One of the senior officers, who was also a legal advisor, dubbed the process a “bureaucratic containment,” according to Grant. “He said it was sort of sad that the system could do this.” (In the end, neither Grant nor Pankew had to testify before the inquiry.)

Competing versions of events

On July 4, 1977, Venner issued a counter-memorandum suggesting Grant had “distorted the facts very seriously several times.” Venner did not challenge any of the details reported by Grant on the pickup of the Praxis documents or the encounter with one of the burglars. But he disputed any suggestion of coaching statements or fixing the judicial process. 

Grant and Pankew were wrong to state “I was somehow trying to shift all the blame to them and thereby spare others, senior to them, from any criticism,” Venner wrote. 

“It is hard to know what to make of the ‘he said, he said’ recriminations, in terms of which of these guys was telling the truth or any approximation of it,” Whitaker told me. But he said it’s clear that once the RCMP had the stolen Praxis documents, they were going to make use of them. 

“The Mounties knew they had a problem, receiving and retaining stolen documents, not to speak of potential connection, via their undercover sources, with arson. Covering their asses in the face of several investigations was their prime directive,” said Whitaker, adding he has not seen any evidence of direct Mountie involvement in the Praxis break-in. 

But veteran Toronto lawyer Paul Copeland, a former Praxis counsel during its unsuccessful legal actions against the RCMP Security Service, does not rule out the possibility. He finds the June 1977 statement by Grant credible. 

“It is probably an accurate rendition of what the RCMP was doing. I am surprised about how nervous they were. The conspiratorial nature of this is unbelievable. I don't think the security mindset in CSIS and the RCMP today has changed a whole lot,” he said.

One thing the two men—Grant and Venner—agreed on in 1977 was that the RCMP’s priority was protecting its informant inside the Edmund Burke Society, thus no charges could be laid against the Praxis burglars by Toronto police. “You don't burn a source,” was how Venner put it. Copeland finds this unacceptable. 

“I am not surprised that they claim they did not want to expose the informant. Given the activities of the Burkers, in my view they should have arrested them and, if necessary, put their informant in the witness protection program.” 
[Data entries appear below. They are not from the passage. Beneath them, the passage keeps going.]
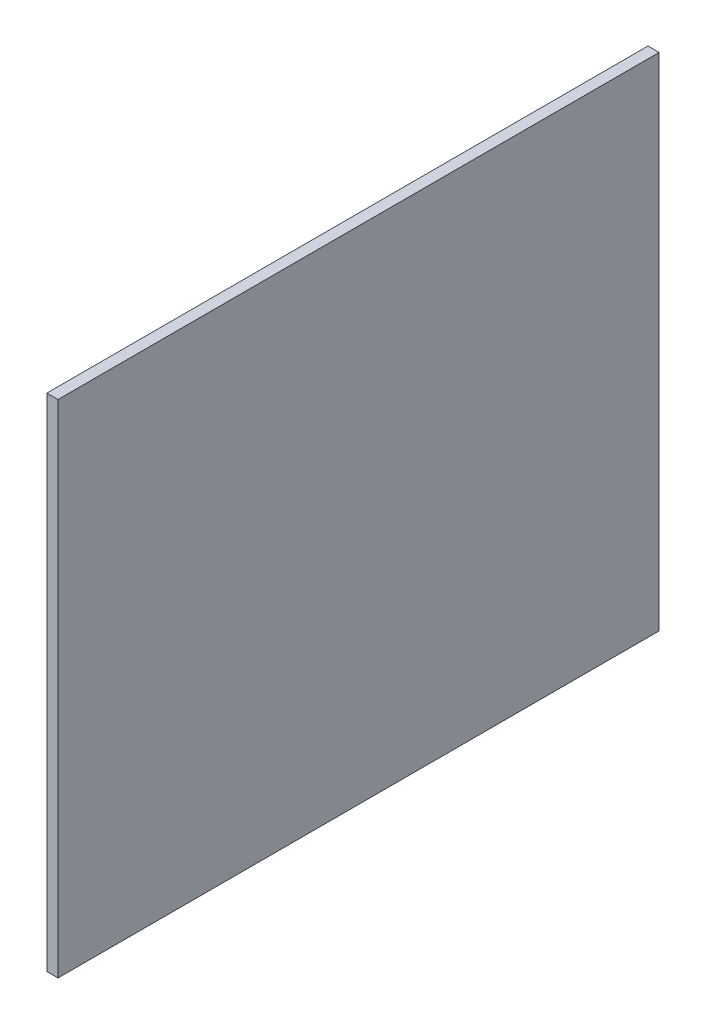
SolidWorks part; units mm, degrees
ref_plane "Front Plane" through (0, 0, 0) normal (0, 0, 1) x (1, 0, 0)
ref_plane "Top Plane" through (0, 0, 0) normal (0, 1, 0) x (1, 0, 0)
ref_plane "Right Plane" through (0, 0, 0) normal (1, 0, 0) x (0, 0, -1)
sketch "Sketch1" plane through (0, 0, 0) normal (1, 0, 0) x (0, 0, -1)
  line L1 (0, 0) -> (432, 0)
  line L2 (0, 0) -> (0, 360)
  line L3 (0, 360) -> (432, 360)
  line L4 (432, 0) -> (432, 360)
  dimension "D1" = 432
  dimension "D2" = 360
extrude "Boss-Extrude1" add sketch "Sketch1" along normal blind 8

Much later, in 1998, the federal government agreed to pay an undisclosed amount to the former Praxis board as a settlement in the case, perhaps acknowledging, in a subtle way, some responsibility for what happened in late 1970. 

The final word comes from an unrepentant Worthington, who, in an email to me a few years ago, denied he might have inspired the Praxis burglars, or that he knew them: 

I don’t think the police—local or RCMP—were in the least interested in catching the burglars. I didn’t know them, and was mainly anxious to distance myself from whoever did [the Praxis break-in]. Just didn't want to know. And the cops never questioned me—just were happy to accept the documents which, as I remember, didn’t amount to much.

G.K. Grant and Peter Worthington are deceased. Pankew and Venner declined to be interviewed for this story. 

Paul Weinberg is a Hamilton-based freelance writer. His work appears in rabble.ca and NOW magazine.